(Data excerpts)
▽

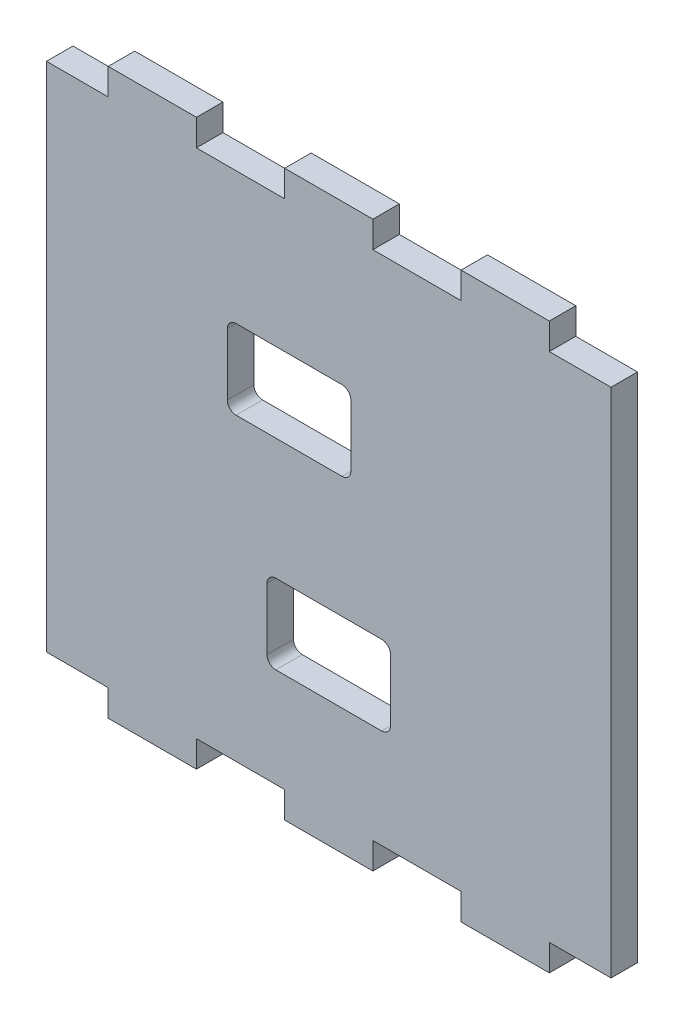
SolidWorks part; units mm, degrees
ref_plane "Alzado" through (0, 0, 0) normal (0, 0, 1) x (1, 0, 0)
ref_plane "Planta" through (0, 0, 0) normal (0, 1, 0) x (1, 0, 0)
ref_plane "Vista lateral" through (0, 0, 0) normal (1, 0, 0) x (0, 0, -1)
sketch "Croquis1" plane through (0, 0, 0) normal (0, 0, 1) x (1, 0, 0)
  line L0 (-32, 29) -> (-25, 29)
  line L2 (-32, -29) -> (-32, 29)
  line L4 (32, -29) -> (32, 29)
  line L5 (-32, -29) -> (32, 29) construction
  line L6 (-32, 29) -> (32, -29) construction
  line L7 (-25, 29) -> (-25, 32)
  line L8 (-25, 32) -> (-15, 32)
  line L9 (-15, 32) -> (-15, 29)
  line L10 (-15, 29) -> (-5, 29)
  line L11 (-5, 29) -> (-5, 32)
  line L12 (-5, 32) -> (5, 32)
  line L13 (5, 32) -> (5, 29)
  line L14 (5, 29) -> (15, 29)
  line L15 (15, 29) -> (15, 32)
  line L16 (15, 32) -> (25, 32)
  line L17 (25, 32) -> (25, 29)
  line L18 (25, 29) -> (32, 29)
  line L19 (-32, -29) -> (-25, -29)
  line L20 (-25, -29) -> (-25, -32)
  line L21 (-25, -32) -> (-15, -32)
  line L22 (-15, -32) -> (-15, -29)
  line L23 (-15, -29) -> (-5, -29)
  line L24 (-5, -29) -> (-5, -32)
  line L25 (-5, -32) -> (5, -32)
  line L26 (5, -32) -> (5, -29)
  line L27 (5, -29) -> (15, -29)
  line L28 (15, -29) -> (15, -32)
  line L29 (15, -32) -> (25, -32)
  line L30 (25, -32) -> (25, -29)
  line L31 (25, -29) -> (32, -29)
  point P0 (0, 0)
  dimension "D1" = 58
  dimension "D2" = 10
  dimension "D3" = 10
  dimension "D4" = 64
  dimension "D5" = 3
extrude "Saliente-Extruir1" add sketch "Croquis1" along normal blind 3
sketch "Croquis2" plane through (0, 0, 3) normal (0, 0, 1) x (1, 0, 0)
  line L0 (0, 0) -> (0, -13.25) construction
  line L1 (-7, -8.75) -> (7, -8.75)
  line L2 (-7, -8.75) -> (-7, -17.75)
  line L3 (-7, -17.75) -> (7, -17.75)
  line L4 (7, -8.75) -> (7, -17.75)
  line L5 (-7, -8.75) -> (7, -17.75) construction
  line L6 (-7, -17.75) -> (7, -8.75) construction
  line L7 (-11.5, 14) -> (2.5, 14)
  line L8 (-11.5, 14) -> (-11.5, 5)
  line L9 (-11.5, 5) -> (2.5, 5)
  line L10 (2.5, 14) -> (2.5, 5)
  line L11 (-11.5, 14) -> (2.5, 5) construction
  line L12 (-11.5, 5) -> (2.5, 14) construction
  line L13 (0, 0) -> (0, 9.5) construction
  line L14 (0, 9.5) -> (-4.5, 9.5) construction
  line L15 (-5, 29) -> (-15, 29) construction
  line L16 (5, -29) -> (15, -29) construction
  point P0 (0, -13.25)
  point P5 (-4.5, 9.5)
  dimension "D1" = 15
  dimension "D2" = 11.25
  dimension "D3" = 4.5
  dimension "D4" = 14
  dimension "D5" = 9
  dimension "D6" = 14
  dimension "D7" = 9
extrude "Cortar-Extruir1" cut sketch "Croquis2" against normal blind 3
fillet "Redondeo1" radius 1 8 edges at (7, -17.75, 1.5) (7, -8.75, 1.5) (-7, -17.75, 1.5) (-7, -8.75, 1.5) (-11.5, 5, 1.5) (2.5, 5, 1.5) (2.5, 14, 1.5) (-11.5, 14, 1.5)

△

[Your goal]:
Each entry must be retyped word for word, with every image omitted.

[Answer below]:
SolidWorks part; units mm, degrees
ref_plane "Alzado" through (0, 0, 0) normal (0, 0, 1) x (1, 0, 0)
ref_plane "Planta" through (0, 0, 0) normal (0, 1, 0) x (1, 0, 0)
ref_plane "Vista lateral" through (0, 0, 0) normal (1, 0, 0) x (0, 0, -1)
sketch "Croquis1" plane through (0, 0, 0) normal (0, 0, 1) x (1, 0, 0)
  line L0 (-32, 29) -> (-25, 29)
  line L2 (-32, -29) -> (-32, 29)
  line L4 (32, -29) -> (32, 29)
  line L5 (-32, -29) -> (32, 29) construction
  line L6 (-32, 29) -> (32, -29) construction
  line L7 (-25, 29) -> (-25, 32)
  line L8 (-25, 32) -> (-15, 32)
  line L9 (-15, 32) -> (-15, 29)
  line L10 (-15, 29) -> (-5, 29)
  line L11 (-5, 29) -> (-5, 32)
  line L12 (-5, 32) -> (5, 32)
  line L13 (5, 32) -> (5, 29)
  line L14 (5, 29) -> (15, 29)
  line L15 (15, 29) -> (15, 32)
  line L16 (15, 32) -> (25, 32)
  line L17 (25, 32) -> (25, 29)
  line L18 (25, 29) -> (32, 29)
  line L19 (-32, -29) -> (-25, -29)
  line L20 (-25, -29) -> (-25, -32)
  line L21 (-25, -32) -> (-15, -32)
  line L22 (-15, -32) -> (-15, -29)
  line L23 (-15, -29) -> (-5, -29)
  line L24 (-5, -29) -> (-5, -32)
  line L25 (-5, -32) -> (5, -32)
  line L26 (5, -32) -> (5, -29)
  line L27 (5, -29) -> (15, -29)
  line L28 (15, -29) -> (15, -32)
  line L29 (15, -32) -> (25, -32)
  line L30 (25, -32) -> (25, -29)
  line L31 (25, -29) -> (32, -29)
  point P0 (0, 0)
  dimension "D1" = 58
  dimension "D2" = 10
  dimension "D3" = 10
  dimension "D4" = 64
  dimension "D5" = 3
extrude "Saliente-Extruir1" add sketch "Croquis1" along normal blind 3
sketch "Croquis2" plane through (0, 0, 3) normal (0, 0, 1) x (1, 0, 0)
  line L0 (0, 0) -> (0, -13.25) construction
  line L1 (-7, -8.75) -> (7, -8.75)
  line L2 (-7, -8.75) -> (-7, -17.75)
  line L3 (-7, -17.75) -> (7, -17.75)
  line L4 (7, -8.75) -> (7, -17.75)
  line L5 (-7, -8.75) -> (7, -17.75) construction
  line L6 (-7, -17.75) -> (7, -8.75) construction
  line L7 (-11.5, 14) -> (2.5, 14)
  line L8 (-11.5, 14) -> (-11.5, 5)
  line L9 (-11.5, 5) -> (2.5, 5)
  line L10 (2.5, 14) -> (2.5, 5)
  line L11 (-11.5, 14) -> (2.5, 5) construction
  line L12 (-11.5, 5) -> (2.5, 14) construction
  line L13 (0, 0) -> (0, 9.5) construction
  line L14 (0, 9.5) -> (-4.5, 9.5) construction
  line L15 (-5, 29) -> (-15, 29) construction
  line L16 (5, -29) -> (15, -29) construction
  point P0 (0, -13.25)
  point P5 (-4.5, 9.5)
  dimension "D1" = 15
  dimension "D2" = 11.25
  dimension "D3" = 4.5
  dimension "D4" = 14
  dimension "D5" = 9
  dimension "D6" = 14
  dimension "D7" = 9
extrude "Cortar-Extruir1" cut sketch "Croquis2" against normal blind 3
fillet "Redondeo1" radius 1 8 edges at (7, -17.75, 1.5) (7, -8.75, 1.5) (-7, -17.75, 1.5) (-7, -8.75, 1.5) (-11.5, 5, 1.5) (2.5, 5, 1.5) (2.5, 14, 1.5) (-11.5, 14, 1.5)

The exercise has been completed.